>>>
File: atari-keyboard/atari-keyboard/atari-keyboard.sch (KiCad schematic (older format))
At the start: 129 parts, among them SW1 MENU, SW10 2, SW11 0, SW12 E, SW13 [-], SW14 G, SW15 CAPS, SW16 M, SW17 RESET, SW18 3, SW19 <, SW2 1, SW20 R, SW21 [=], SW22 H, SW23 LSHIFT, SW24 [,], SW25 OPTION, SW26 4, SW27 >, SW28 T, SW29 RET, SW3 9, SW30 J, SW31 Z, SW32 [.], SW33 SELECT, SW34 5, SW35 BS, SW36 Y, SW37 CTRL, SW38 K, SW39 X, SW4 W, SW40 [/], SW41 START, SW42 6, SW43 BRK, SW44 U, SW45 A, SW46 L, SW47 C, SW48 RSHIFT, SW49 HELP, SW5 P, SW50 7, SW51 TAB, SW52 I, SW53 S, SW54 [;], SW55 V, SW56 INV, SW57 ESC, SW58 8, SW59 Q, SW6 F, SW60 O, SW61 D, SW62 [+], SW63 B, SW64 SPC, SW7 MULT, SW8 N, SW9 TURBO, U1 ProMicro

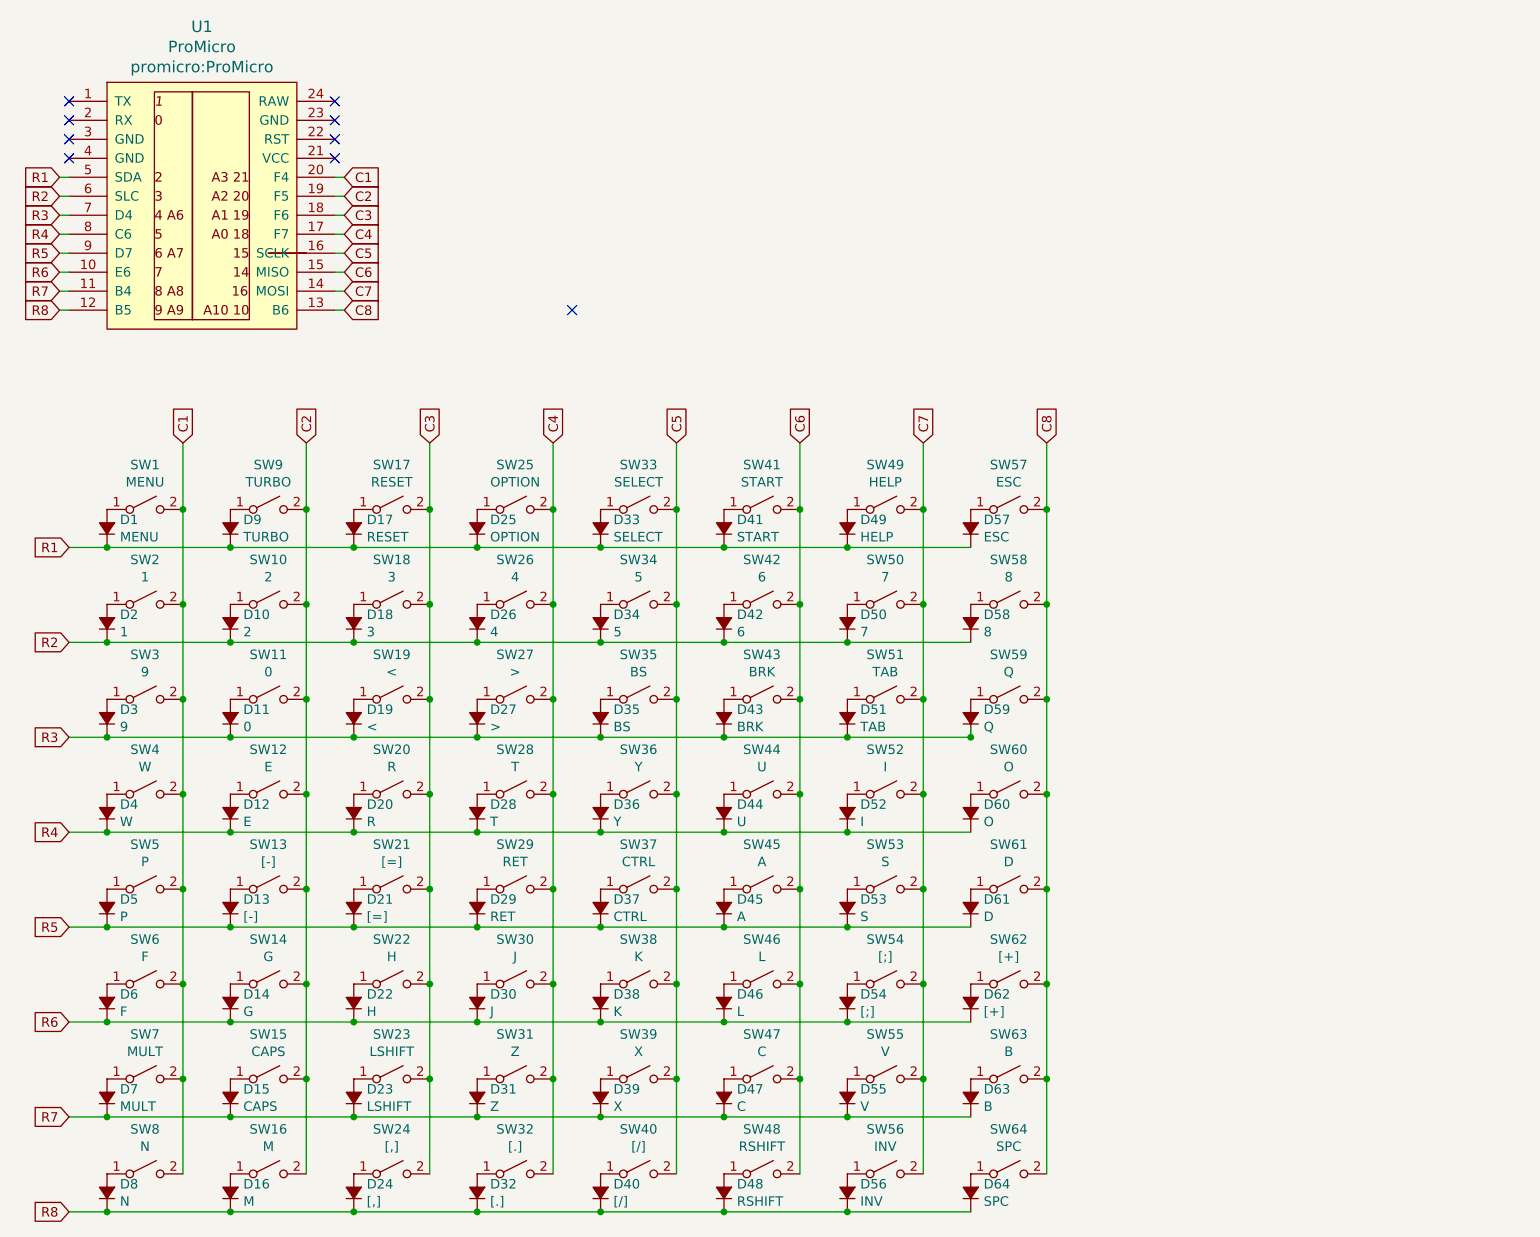
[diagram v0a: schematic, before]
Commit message: Updated atarikeyboard shift and FN key
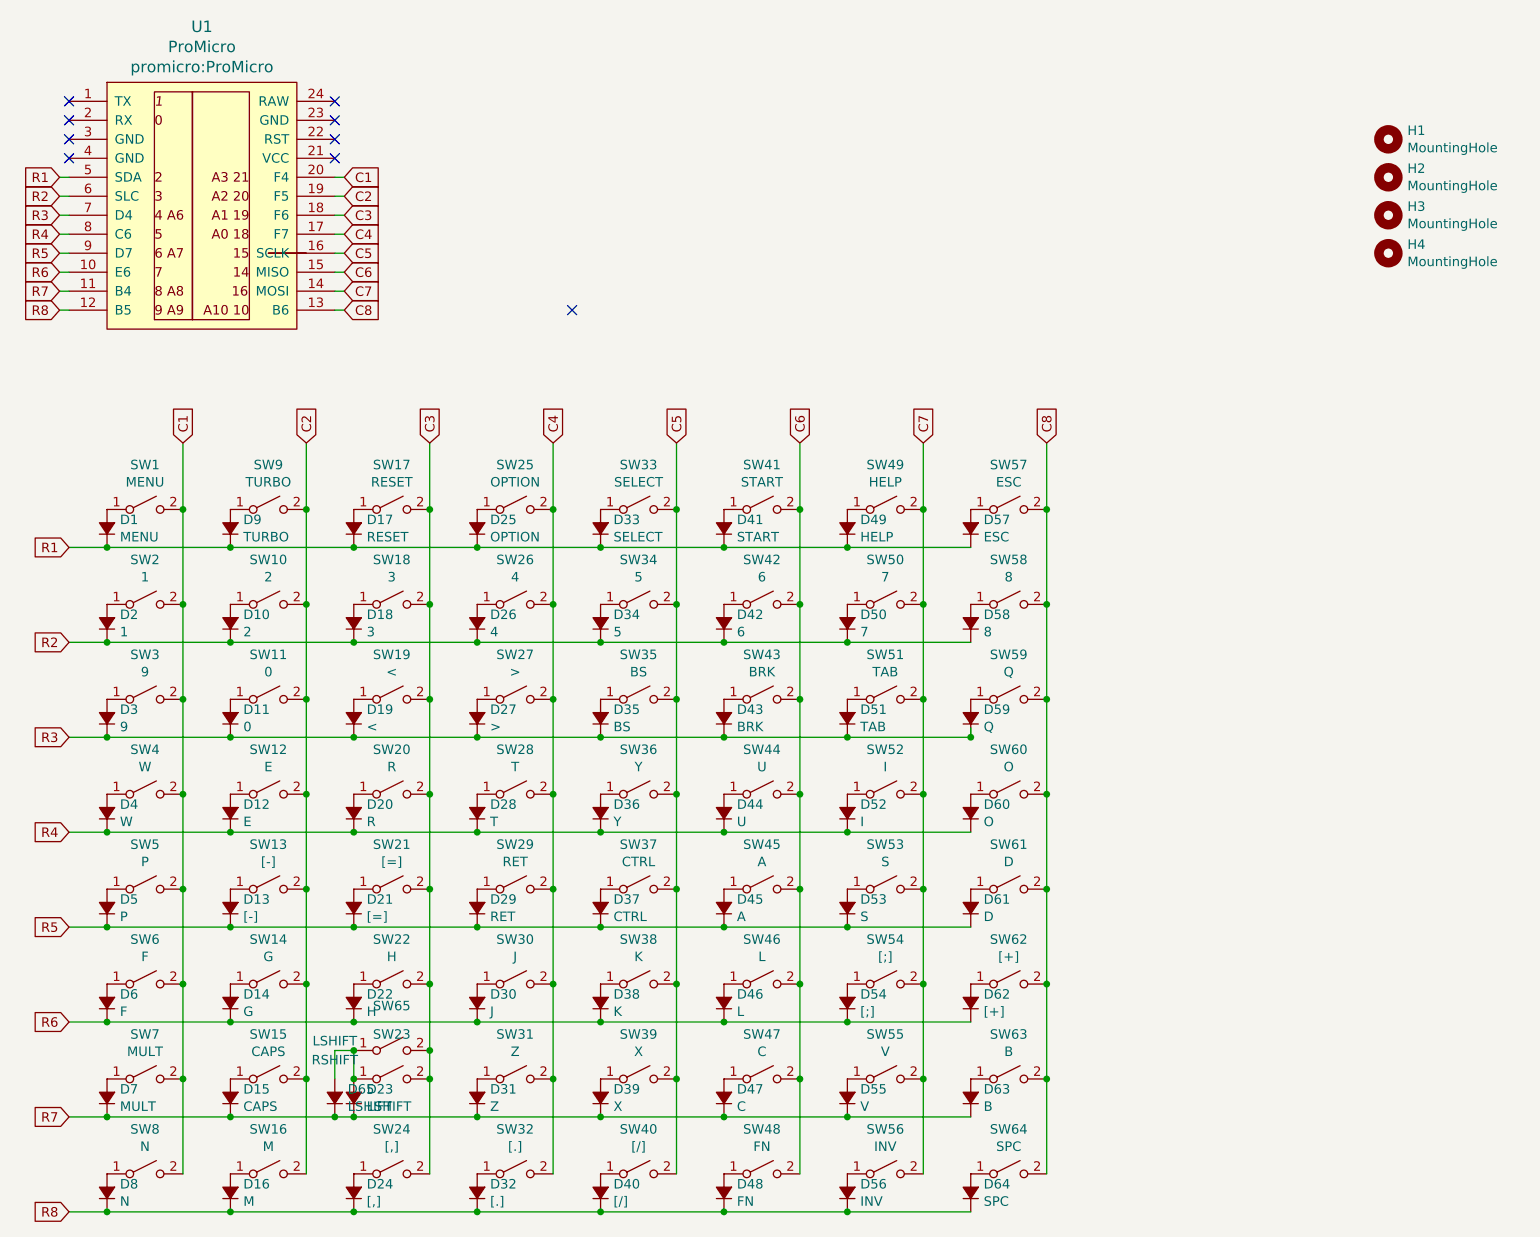
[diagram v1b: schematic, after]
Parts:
- added D65: LSHIFT, Diode_THT:D_A-405_P7.62mm_Horizontal, symbol Device:D_Small_ALT
- added H1, H2, H3, H4: MountingHole, MountingHole:MountingHole_3.2mm_M3, symbol Mechanical:MountingHole
- added SW65: RSHIFT, Button_Switch_Keyboard:SW_Cherry_MX_1.75u_PCB, symbol Switch:SW_SPST
- D48, SW48: value RSHIFT -> FN
- SW64: footprint Button_Switch_Keyboard:SW_Cherry_MX_1.00u_PCB -> Button_Switch_Keyboard:SW_Cherry_MX_6.25u_PCB
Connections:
- net C3: now also SW65.2 (B)
- net R7: now also D65.1 (K)
- net at D23.2 (A), SW23.1 (A): now also D65.2 (A), SW65.1 (A)
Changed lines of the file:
@@
-$EndComp
-$Comp
-L Device:D_Small_ALT D57
-U 1 1 5FCAE6BE
-P 5800 3550
-F 0 "D57" V 5846 3482 50  0000 R CNN
-F 1 "ESC" V 5755 3482 50  0000 R CNN
-F 2 "Diode_THT:D_A-405_P7.62mm_Horizontal" V 5800 3550 50  0001 C CNN
-F 3 "~" V 5800 3550 50  0001 C CNN
-	1    5800 3550
-	0    -1   -1   0
 $EndComp
 $Comp
@@
 P 4500 7050
 F 0 "D48" V 4546 6982 50  0000 R CNN
-F 1 "RSHIFT" V 4455 6982 50  0000 R CNN
+F 1 "FN" V 4455 6982 50  0000 R CNN
 F 2 "Diode_THT:D_A-405_P7.62mm_Horizontal" V 4500 7050 50  0001 C CNN
 F 3 "~" V 4500 7050 50  0001 C CNN
@@
 P 2750 6450
 F 0 "SW23" H 2750 6685 50  0000 C CNN
-F 1 "LSHIFT" H 2750 6594 50  0000 C CNN
+F 1 "LSHIFT" H 2450 6650 50  0000 C CNN
 F 2 "Button_Switch_Keyboard:SW_Cherry_MX_2.25u_PCB" H 2750 6450 50  0001 C CNN
 F 3 "~" H 2750 6450 50  0001 C CNN
@@
 P 4700 6950
 F 0 "SW48" H 4700 7185 50  0000 C CNN
-F 1 "RSHIFT" H 4700 7094 50  0000 C CNN
+F 1 "FN" H 4700 7094 50  0000 C CNN
 F 2 "Button_Switch_Keyboard:SW_Cherry_MX_1.75u_PCB" H 4700 6950 50  0001 C CNN
 F 3 "~" H 4700 6950 50  0001 C CNN
@@
 F 0 "SW64" H 6000 7185 50  0000 C CNN
 F 1 "SPC" H 6000 7094 50  0000 C CNN
-F 2 "Button_Switch_Keyboard:SW_Cherry_MX_1.00u_PCB" H 6000 6950 50  0001 C CNN
+F 2 "Button_Switch_Keyboard:SW_Cherry_MX_6.25u_PCB" H 6000 6950 50  0001 C CNN
 F 3 "~" H 6000 6950 50  0001 C CNN
 	1    6000 6950
@@
 Connection ~ 5150 3650
 Wire Wire Line
-	5150 3650 5800 3650
-Wire Wire Line
 	1050 4150 1250 4150
 Connection ~ 1250 4150
@@
 Connection ~ 1900 6650
 Wire Wire Line
-	1900 6650 2550 6650
+	1900 6650 2450 6650
 Connection ~ 2550 6650
 Wire Wire Line
@@
 Connection ~ 2950 5950
 Wire Wire Line
-	2950 5950 2950 6450
+	2950 5950 2950 6300
 Connection ~ 2950 6450
 Wire Wire Line
@@
 NoConn ~ 1050 1600
 NoConn ~ 3700 2400
+$Comp
+L Mechanical:MountingHole H1
+U 1 1 5FFF9FD0
+P 8000 1500
+F 0 "H1" H 8100 1546 50  0000 L CNN
+F 1 "MountingHole" H 8100 1455 50  0000 L CNN
+F 2 "MountingHole:MountingHole_3.2mm_M3" H 8000 1500 50  0001 C CNN
+F 3 "~" H 8000 1500 50  0001 C CNN
+	1    8000 1500
+	1    0    0    -1
+$EndComp
+$Comp
+L Mechanical:MountingHole H2
+U 1 1 5FFFA140
+P 8000 1700
+F 0 "H2" H 8100 1746 50  0000 L CNN
+F 1 "MountingHole" H 8100 1655 50  0000 L CNN
+F 2 "MountingHole:MountingHole_3.2mm_M3" H 8000 1700 50  0001 C CNN
+F 3 "~" H 8000 1700 50  0001 C CNN
+	1    8000 1700
+	1    0    0    -1
+$EndComp
+$Comp
+L Mechanical:MountingHole H3
+U 1 1 5FFFA55B
+P 8000 1900
+F 0 "H3" H 8100 1946 50  0000 L CNN
+F 1 "MountingHole" H 8100 1855 50  0000 L CNN
+F 2 "MountingHole:MountingHole_3.2mm_M3" H 8000 1900 50  0001 C CNN
+F 3 "~" H 8000 1900 50  0001 C CNN
+	1    8000 1900
+	1    0    0    -1
+$EndComp
+$Comp
+L Mechanical:MountingHole H4
+U 1 1 5FFFA77E
+P 8000 2100
+F 0 "H4" H 8100 2146 50  0000 L CNN
+F 1 "MountingHole" H 8100 2055 50  0000 L CNN
+F 2 "MountingHole:MountingHole_3.2mm_M3" H 8000 2100 50  0001 C CNN
+F 3 "~" H 8000 2100 50  0001 C CNN
+	1    8000 2100
+	1    0    0    -1
+$EndComp
+$Comp
+L Switch:SW_SPST SW65
+U 1 1 60197888
+P 2750 6300
+F 0 "SW65" H 2750 6535 50  0000 C CNN
+F 1 "RSHIFT" H 2450 6250 50  0000 C CNN
+F 2 "Button_Switch_Keyboard:SW_Cherry_MX_1.75u_PCB" H 2750 6300 50  0001 C CNN
+F 3 "~" H 2750 6300 50  0001 C CNN
+	1    2750 6300
+	1    0    0    -1
+$EndComp
+Connection ~ 2950 6300
+Wire Wire Line
+	2950 6300 2950 6450
+Wire Wire Line
+	2550 6300 2550 6450
+Connection ~ 2550 6450
+Wire Wire Line
+	5150 3650 5800 3650
+$Comp
+L Device:D_Small_ALT D57
+U 1 1 601ACCD9
+P 5800 3550
+F 0 "D57" V 5846 3482 50  0000 R CNN
+F 1 "ESC" V 5755 3482 50  0000 R CNN
+F 2 "Diode_THT:D_A-405_P7.62mm_Horizontal" V 5800 3550 50  0001 C CNN
+F 3 "~" V 5800 3550 50  0001 C CNN
+	1    5800 3550
+	0    -1   -1   0
+$EndComp
+$Comp
+L Device:D_Small_ALT D65
+U 1 1 601C9222
+P 2450 6550
+F 0 "D65" V 2496 6482 50  0000 R CNN
+F 1 "LSHIFT" V 2405 6482 50  0000 R CNN
+F 2 "Diode_THT:D_A-405_P7.62mm_Horizontal" V 2450 6550 50  0001 C CNN
+F 3 "~" V 2450 6550 50  0001 C CNN
+	1    2450 6550
+	0    -1   -1   0
+$EndComp
+Connection ~ 2450 6650
+Wire Wire Line
+	2450 6650 2550 6650
+Wire Wire Line
+	2550 6300 2450 6300
+Wire Wire Line
+	2450 6300 2450 6450
+Connection ~ 2550 6300
 $EndSCHEMATC
<<<
Reproduce exactly the final stretch of the listing, starting at the line that contains "1 1 601C9222" and ending with the last line.

+U 1 1 601C9222
+P 2450 6550
+F 0 "D65" V 2496 6482 50  0000 R CNN
+F 1 "LSHIFT" V 2405 6482 50  0000 R CNN
+F 2 "Diode_THT:D_A-405_P7.62mm_Horizontal" V 2450 6550 50  0001 C CNN
+F 3 "~" V 2450 6550 50  0001 C CNN
+	1    2450 6550
+	0    -1   -1   0
+$EndComp
+Connection ~ 2450 6650
+Wire Wire Line
+	2450 6650 2550 6650
+Wire Wire Line
+	2550 6300 2450 6300
+Wire Wire Line
+	2450 6300 2450 6450
+Connection ~ 2550 6300
 $EndSCHEMATC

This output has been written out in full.